Review: The Honest Knight (Knight Trilogy #1) by Annie Lindwurm

Needed good beta readers. DNF at 40%

3 out of 5 stars

DNF 40%

E-book. 85 pages. Published March 31st 2020

Blurb:

More than jousting will determine whether love and loyalty wins…

Brien is a proud knight of Fenton castle, but his brash nature and say-it-as-it-is attitude push most people away. When his princess Eleanor returns with her wife, the festival preparations are almost ready when they receive news that their foreign in-laws insisted on a gift of more knights – will Brien make new friends or enemies? With a menial job to keep him in line, Brien is brought closer to a man who is out of his reach.

Devon is the stable master, but his confidence is only with the animals in his care. With the new faces arriving at the castle his anxieties rise when he finds out firsthand their opinions on half-Fae mingling with humans, let alone other knights. While trying to deny his feelings for Brien, will Devon be able to assert his rightful place in the castle?

The two of them work together for the festivalโ€™s success but the more time they spend together, Brien and Devon canโ€™t deny their growing attraction. With the new knights proving troublesome, will the festival be a success? Or will the fun and games take a darker turn?

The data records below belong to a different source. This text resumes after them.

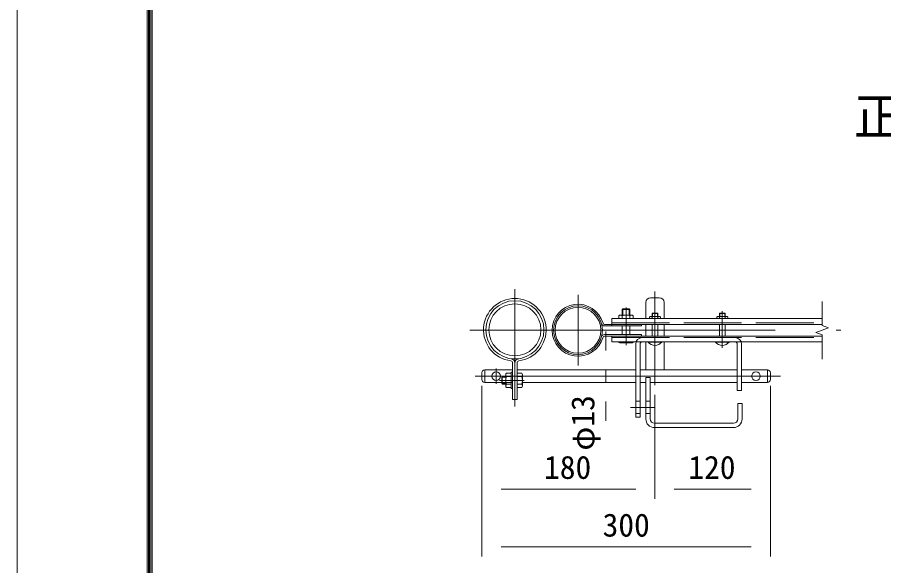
# Model space of a CAD drawing. Units: millimetres, scale not verified, with parts at other scales. Extents: x -4200 to 4200, y -2970 to 2970.
# Drawn here: x -4200 to -2399, y -2188 to -1049 of the extents above; entities that cross this region are included whole.
import ezdxf
from ezdxf.enums import TextEntityAlignment as Align

# ---------------------------------------------------------------- set-up
doc = ezdxf.new("R2010")
doc.units = ezdxf.units.MM
doc.header["$LTSCALE"] = 20
doc.linetypes.add('DASHED', pattern=[7.5, 6, -1.5])
doc.linetypes.add('USER1', pattern=[50.8, 31.75, -6.35, 6.35, -6.35])
doc.layers.add('0-0_D-TTL-TXT', color=7, linetype='Continuous')
for name, color, linetype, lineweight in [('0-1_D-BMK', 2, 'USER1', 13), ('0-2_D-STR1', 1, 'Continuous', 18), ('0-3_D-STR3', 3, 'Continuous', 13), ('0-8_D-STR-DIM', 7, 'Continuous', 9), ('0-B_D-TTL', 7, 'Continuous', 9)]:
    doc.layers.add(name, color=color, linetype=linetype, lineweight=lineweight)
doc.styles.add('ＭＳ ゴシック', font='')
doc.styles.get('ＭＳ ゴシック').set_extended_font_data('MS Gothic')

msp = doc.modelspace()

# ---------------------------------------------------------------- linework, layer by layer
at = {"layer": '0-1_D-BMK'}
for p, q in [((-3165.72, -1613.8), (-3165.72, -1857.29)), ((-2874.42, -1618.4), (-2874.42, -1813.43)), ((-3034.42, -1625.42), (-3034.42, -1772.65)), ((-2934.42, -1651.51), (-2934.42, -1730.21)), ((-2734.42, -1659.67), (-2734.42, -1735.78)), ((-3259.62, -1699.04), (-2488.02, -1699.04)), ((-3204.42, -1778.65), (-3204.42, -1810.22)), ((-3248.35, -1794.44), (-2613.04, -1794.44)), ((-3146.1, -1803.29), (-3197.45, -1803.29)), ((-2925.28, -1859.44), (-2874.99, -1859.44))]:
    msp.add_line(p, q, dxfattribs=at)
at = {"layer": '0-2_D-STR1'}
for centre, radius in [((-3165.72, -1698.19), 60.5), ((-3165.72, -1698.19), 54.1), ((-3034.42, -1699.04), 50.8), ((-3034.42, -1699.04), 47.6)]:
    msp.add_circle(centre, radius, dxfattribs=at)
at = {"layer": '0-3_D-STR3'}
for p, q in [((-2883.42, -1631.44), (-2865.42, -1631.44)), ((-2941.07, -1654.44), (-2942.42, -1655.79)), ((-2942.42, -1667.44), (-2942.42, -1655.79)), ((-2942.42, -1655.79), (-2926.42, -1655.79)), ((-2941.07, -1654.44), (-2927.78, -1654.44)), ((-2941.07, -1667.44), (-2941.07, -1654.44)), ((-2927.78, -1667.44), (-2927.78, -1654.44)), ((-2926.42, -1655.79), (-2927.78, -1654.44)), ((-2926.42, -1667.44), (-2926.42, -1655.79)), ((-2893.42, -1641.44), (-2893.42, -1674.84)), ((-2855.42, -1641.44), (-2855.42, -1674.84)), ((-2964.42, -1674.84), (-2964.42, -1690.04)), ((-2964.42, -1674.84), (-2526.87, -1674.84)), ((-2949.42, -1669.04), (-2949.42, -1674.84)), ((-2946.26, -1667.44), (-2922.58, -1667.44)), ((-2942.42, -1674.84), (-2942.42, -1669.04)), ((-2926.42, -1674.84), (-2926.42, -1669.04)), ((-2919.42, -1669.04), (-2919.42, -1674.84)), ((-2885.92, -1671.64), (-2885.92, -1674.84)), ((-2879.34, -1663.24), (-2880.42, -1664.32)), ((-2880.42, -1670.44), (-2880.42, -1664.32)), ((-2880.42, -1664.32), (-2868.42, -1664.32)), ((-2880.42, -1674.84), (-2880.42, -1671.64)), ((-2879.34, -1670.44), (-2879.34, -1663.24)), ((-2879.34, -1663.24), (-2869.5, -1663.24)), ((-2879.34, -1663.24), (-2869.5, -1663.24)), ((-2869.5, -1670.44), (-2869.5, -1663.24)), ((-2869.5, -1663.24), (-2868.42, -1664.32)), ((-2868.42, -1670.44), (-2868.42, -1664.32)), ((-2868.42, -1674.84), (-2868.42, -1671.64)), ((-2862.92, -1671.64), (-2862.92, -1674.84)), ((-2745.92, -1671.64), (-2745.92, -1674.84)), ((-2739.34, -1663.24), (-2740.42, -1664.32)), ((-2740.42, -1664.32), (-2728.42, -1664.32)), ((-2740.42, -1670.44), (-2740.42, -1664.32)), ((-2740.42, -1674.84), (-2740.42, -1671.64)), ((-2739.34, -1663.24), (-2729.5, -1663.24)), ((-2739.34, -1670.44), (-2739.34, -1663.24)), ((-2729.5, -1670.44), (-2729.5, -1663.24)), ((-2728.42, -1670.44), (-2728.42, -1664.32)), ((-2728.42, -1674.84), (-2728.42, -1671.64)), ((-2722.92, -1671.64), (-2722.92, -1674.84)), ((-2979.33, -1686.84), (-2526.87, -1686.84)), ((-2979.33, -1690.04), (-2902.42, -1690.04)), ((-2942.42, -1708.04), (-2942.42, -1690.04)), ((-2926.42, -1708.04), (-2926.42, -1690.04)), ((-2902.42, -1686.84), (-2902.42, -1690.04)), ((-2893.42, -1686.84), (-2893.42, -1711.24)), ((-2880.42, -1711.24), (-2880.42, -1686.84)), ((-2868.42, -1711.24), (-2868.42, -1686.84)), ((-2855.42, -1686.84), (-2855.42, -1711.24)), ((-2740.42, -1711.24), (-2740.42, -1686.84)), ((-2728.42, -1711.24), (-2728.42, -1686.84)), ((-2979.33, -1708.04), (-2902.42, -1708.04)), ((-2902.42, -1708.04), (-2902.42, -1711.24)), ((-2979.33, -1711.24), (-2526.87, -1711.24)), ((-2964.42, -1711.24), (-2964.42, -1723.24)), ((-2964.42, -1723.24), (-2526.87, -1723.24)), ((-2949.42, -1723.24), (-2949.42, -1724.24)), ((-2922.78, -1725.44), (-2945.98, -1725.44)), ((-2942.42, -1723.24), (-2942.42, -1724.24)), ((-2926.42, -1723.24), (-2926.42, -1724.24)), ((-2919.42, -1723.24), (-2919.42, -1724.24)), ((-2905.42, -1727.74), (-2905.42, -1879.44)), ((-2893.42, -1723.24), (-2893.42, -1781.44)), ((-2888.42, -1723.24), (-2860.42, -1723.24)), ((-2888.42, -1724.06), (-2888.42, -1723.24)), ((-2888.42, -1724.06), (-2860.42, -1724.06)), ((-2860.42, -1724.06), (-2860.42, -1723.24)), ((-2855.42, -1723.24), (-2855.42, -1781.44)), ((-2748.42, -1723.24), (-2720.42, -1723.24)), ((-2748.42, -1724.06), (-2748.42, -1723.24)), ((-2748.42, -1724.06), (-2720.42, -1724.06)), ((-2720.42, -1724.06), (-2720.42, -1723.24)), ((-2703.42, -1727.74), (-2703.42, -1824.44)), ((-2694.42, -1727.94), (-2694.42, -1824.44)), ((-3228.42, -1781.44), (-3170.32, -1781.44)), ((-3228.42, -1781.44), (-3228.42, -1807.44)), ((-3170.32, -1767.28), (-3170.32, -1843.29)), ((-3165.72, -1767.28), (-3165.72, -1843.29)), ((-3161.12, -1767.28), (-3161.12, -1843.29)), ((-3161.12, -1781.44), (-2914.42, -1781.44)), ((-2905.42, -1781.44), (-2703.42, -1781.44)), ((-2694.42, -1781.44), (-2640.42, -1781.44)), ((-2640.42, -1781.44), (-2640.42, -1807.44)), ((-3234.42, -1787.44), (-3234.42, -1801.44)), ((-3193.12, -1796.65), (-3191.77, -1795.29)), ((-3193.12, -1796.65), (-3193.12, -1809.94)), ((-3184.52, -1796.65), (-3193.12, -1796.65)), ((-3184.52, -1795.29), (-3191.77, -1795.29)), ((-3191.77, -1795.29), (-3191.77, -1811.29)), ((-3184.52, -1791.65), (-3184.52, -1814.85)), ((-3173.52, -1788.29), (-3183.32, -1788.29)), ((-3173.52, -1795.29), (-3183.32, -1795.29)), ((-3173.52, -1786.29), (-3173.52, -1820.29)), ((-3170.32, -1786.29), (-3173.52, -1786.29)), ((-3161.12, -1785.49), (-3161.12, -1821.09)), ((-3161.12, -1788.29), (-3151.32, -1788.29)), ((-3161.12, -1795.29), (-3151.32, -1795.29)), ((-3150.12, -1791.65), (-3150.12, -1814.85)), ((-2893.42, -1797.44), (-2893.42, -1883.44)), ((-2893.42, -1797.44), (-2884.42, -1797.44)), ((-2884.42, -1797.44), (-2884.42, -1883.44)), ((-2634.42, -1787.44), (-2634.42, -1801.44)), ((-3228.42, -1807.44), (-3170.32, -1807.44)), ((-3184.52, -1809.94), (-3193.12, -1809.94)), ((-3193.12, -1809.94), (-3191.77, -1811.29)), ((-3184.52, -1811.29), (-3191.77, -1811.29)), ((-3173.52, -1811.29), (-3183.32, -1811.29)), ((-3173.52, -1818.29), (-3183.32, -1818.29)), ((-3161.12, -1811.29), (-3151.32, -1811.29)), ((-3161.12, -1818.29), (-3151.32, -1818.29)), ((-3150.12, -1807.44), (-2914.42, -1807.44)), ((-2905.42, -1807.44), (-2893.42, -1807.44)), ((-2884.42, -1807.44), (-2703.42, -1807.44)), ((-2694.42, -1807.44), (-2640.42, -1807.44)), ((-3170.32, -1820.29), (-3173.52, -1820.29)), ((-2703.42, -1824.44), (-2694.42, -1824.44)), ((-3161.12, -1843.29), (-3170.32, -1843.29)), ((-2914.42, -1846.44), (-2905.42, -1846.44)), ((-2893.42, -1846.44), (-2884.42, -1846.44)), ((-2702.42, -1851.44), (-2702.42, -1883.44)), ((-2702.42, -1851.44), (-2693.42, -1851.44)), ((-2693.42, -1851.44), (-2693.42, -1883.44)), ((-2914.42, -1872.44), (-2905.42, -1872.44)), ((-2893.42, -1872.44), (-2884.42, -1872.44)), ((-2875.42, -1892.44), (-2711.42, -1892.44)), ((-2875.42, -1901.44), (-2711.42, -1901.44))]:
    msp.add_line(p, q, dxfattribs=at)
at = {"layer": '0-3_D-STR3', "linetype": 'DASHED'}
for p, q in [((-2883.21, -1670.44), (-2865.49, -1670.44)), ((-2743.21, -1670.44), (-2725.49, -1670.44)), ((-2964.42, -1683.64), (-2526.87, -1683.64)), ((-2964.42, -1714.44), (-2526.87, -1714.44))]:
    msp.add_line(p, q, dxfattribs=at)
at = {"layer": '0-3_D-STR3'}
for points in [[(-2739.34, -1663.24), (-2729.5, -1663.24), (-2728.42, -1664.32)], [(-2914.42, -1727.94), (-2914.42, -1879.44), (-2905.42, -1879.44)]]:
    msp.add_lwpolyline(points, dxfattribs=at)
for centre in [(-3204.42, -1794.44), (-2664.42, -1794.44)]:
    msp.add_circle(centre, 9, dxfattribs=at)
for centre, radius, start, end in [((-3165.72, -1698.19), 65.1, 277.58485, 262.41515), ((-2883.42, -1641.44), 10, 90, 180), ((-2865.42, -1641.44), 10, 0, 90), ((-3034.42, -1699.04), 54, 15.6185, 344.3815), ((-2945.92, -1672.03), 4.6, 40.52088, 139.47912), ((-2934.42, -1688.24), 20.8, 67.38014, 112.61986), ((-2922.92, -1672.03), 4.6, 40.52088, 139.47912), ((-2883.17, -1674.19), 3.75, 42.84372, 137.15628), ((-2874.42, -1686.04), 15.6, 67.38014, 112.61986), ((-2865.67, -1674.17), 3.74, 42.69541, 137.30459), ((-2743.17, -1674.19), 3.75, 42.84372, 137.15628), ((-2734.42, -1686.04), 15.6, 67.38014, 112.61986), ((-2725.67, -1674.17), 3.74, 42.69541, 137.30459), ((-2979.33, -1683.64), 6.4, 195.6185, 270), ((-2979.33, -1683.64), 3.2, 195.6185, 270), ((-2979.33, -1714.44), 6.4, 90, 164.3815), ((-2979.33, -1714.44), 3.2, 90, 164.3815), ((-2945.92, -1719.73), 5.7, 232.14171, 307.85829), ((-2934.42, -1698.17), 27.27, 252.93847, 287.06153), ((-2922.92, -1719.74), 5.7, 232.09851, 307.90149), ((-2900.92, -1727.94), 13.5, 90, 180), ((-2900.92, -1727.74), 4.5, 90, 180), ((-2874.42, -1712.44), 18.2, 219.71514, 320.28486), ((-2734.42, -1712.44), 18.2, 219.71514, 320.28486), ((-2707.92, -1727.94), 13.5, 0, 90), ((-2707.92, -1727.74), 4.5, 0, 90), ((-3174.92, -1767.28), 4.6, 0, 82.41515), ((-3174.92, -1767.28), 9.2, 0, 82.41515), ((-3156.52, -1767.28), 9.2, 97.58485, 180), ((-3156.52, -1767.28), 4.6, 97.58485, 180), ((-3228.42, -1787.44), 6, 90, 180), ((-2640.42, -1787.44), 6, 0, 90), ((-3178.83, -1791.79), 5.7, 142.09851, 217.90149), ((-3157.25, -1803.29), 27.27, 162.93847, 197.06153), ((-3155.82, -1791.79), 5.7, 322.09851, 37.90149), ((-3177.39, -1803.29), 27.27, 342.93847, 17.06153), ((-3228.42, -1801.44), 6, 180, 270), ((-3178.82, -1814.79), 5.7, 142.14171, 217.85829), ((-3155.82, -1814.79), 5.7, 322.14171, 37.85829), ((-2640.42, -1801.44), 6, 270, 0), ((-2875.42, -1883.44), 18, 180, 270), ((-2875.42, -1883.44), 9, 180, 270), ((-2711.42, -1883.44), 9, 270, 0), ((-2711.42, -1883.44), 18, 270, 0)]:
    msp.add_arc(centre, radius, start, end, dxfattribs=at)
at = {"layer": '0-8_D-STR-DIM'}
for p, q in [((-2526.87, -1689.42), (-2526.87, -1639.04)), ((-2513.65, -1694.23), (-2526.87, -1689.42)), ((-2976.42, -1741.44), (-2976.42, -1701.44)), ((-2540.08, -1703.84), (-2513.65, -1694.23)), ((-2526.87, -1708.65), (-2540.08, -1703.84)), ((-2526.87, -1759.04), (-2526.87, -1708.65)), ((-2976.42, -1807.44), (-2976.42, -1781.44)), ((-3234.42, -1814.44), (-3234.42, -2049.18)), ((-3234.42, -1814.44), (-3234.42, -2169.18)), ((-2634.42, -1814.44), (-2634.42, -2049.18)), ((-2634.42, -1814.44), (-2634.42, -2169.18)), ((-2874.42, -1833.43), (-2874.42, -2049.18)), ((-2874.42, -1833.43), (-2874.42, -2049.18)), ((-2976.42, -1847.44), (-2976.42, -1887.44)), ((-3194.42, -2029.18), (-2914.42, -2029.18)), ((-2834.42, -2029.18), (-2674.42, -2029.18)), ((-3194.42, -2149.18), (-2674.42, -2149.18))]:
    msp.add_line(p, q, dxfattribs=at)
at = {"layer": '0-B_D-TTL'}
for points in [[(-4200, -2970), (4200, -2970), (4200, 2970), (-4200, 2970)], [(-3930, 2750), (3930, 2750), (3930, -2750), (-3930, -2750)], [(-3927.5, 2747.5), (3927.5, 2747.5), (3927.5, -2747.5), (-3927.5, -2747.5)], [(-3925, 2745), (3925, 2745), (3925, -2745), (-3925, -2745)], [(-3922.5, 2742.5), (3922.5, 2742.5), (3922.5, -2742.5), (-3922.5, -2742.5)], [(-3920, 2740), (3920, 2740), (3920, -2740), (-3920, -2740)]]:
    msp.add_lwpolyline(points, close=True, dxfattribs=at)

# ---------------------------------------------------------------- texts
at = {"layer": '0-0_D-TTL-TXT', "style": 'ＭＳ ゴシック'}
msp.add_text('正\u3000面\u3000図', height=76.98, dxfattribs=at).set_placement((-2461.45, -1316.31), align=Align.BOTTOM_LEFT)
at = {"layer": '0-8_D-STR-DIM', "style": 'ＭＳ ゴシック'}
msp.add_text('φ13', height=48.09, rotation=90, dxfattribs=at).set_placement((-2985.86, -1949.22), align=Align.BOTTOM_LEFT)
for s, p in [('180', (-3105.07, -2022.43)), ('120', (-2805.07, -2022.43)), ('300', (-2983.3, -2142.43))]:
    msp.add_text(s, height=48.09, dxfattribs=at).set_placement(p, align=Align.BOTTOM_LEFT)

doc.saveas('drawing.dxf')

This series is intended for mature readers. It is a Steamy MM Fantasy Romance featuring explicit scenes and adult themes. 

Likes:

  • Medieval/fantasy theme.
  • The base idea is good.

Dislikes:

  • Descriptions weren’t as good as they could have been.
  • Could use a line editor.
  • Could use beta readers.
  • Needs more work to convey everything to the reader.
  • Hard to keep all the Knights straight.

DNF 40%

Despite the fact that I didn’t finish the book, it wasn’t bad. I’m just used to better quality. After I found myself putting the book down for the umpteenth time, I decided to cut my losses.

The overall plot is interesting. A knight and the stable master, one fully human, the other half-Fey. The book has a lot of medieval flair along with a dash of high fantasy, which is normally right up my alley.

Unfortunately, the writing needs work. I do feel like the author knows what’s going on and has a solid idea of what the story is about. However, there can be a loss of information when the story gets translated from idea to written words, and it feels like that’s what happened here. The bones of the story are there, it just needs to be fleshed out.

A lack of description is probably the thing this book’s biggest problem. A little of that is physical description, but it’s more than that. I need a book to paint a picture in my mind. Use all five senses and ground the story firmly in a place. I got a good idea of the stables and the palace walls, but not of the bigger picture. I needed even a brief glimpse of the ecosystem existing within the castle, even if that ecosystem isn’t important to the story.

That bigger picture would have let me get closer to Brien. I feel like I don’t know him at all. He’s a knight, and kind, but I only see him when he’s around Devon, which is mostly in the stables. I can’t help being annoyed at how small a window I have into the world of the story, given that I know there’s so much more I’m not being shown.

To this end, I think a few good beta readers would help this story immensely. That could have pointed out that people might have trouble remembering which knight is which, since there are a lot of them. A good line editor would come in handy as well, to smooth out the clunky sentences and remove extra punctuation.

I’m giving the book 3 stars because it’s definitely not the worst self-published book I’ve tried to read, and I am more lenient with self-published stuff. But with so many better books out there, it simply wasn’t worth finishing.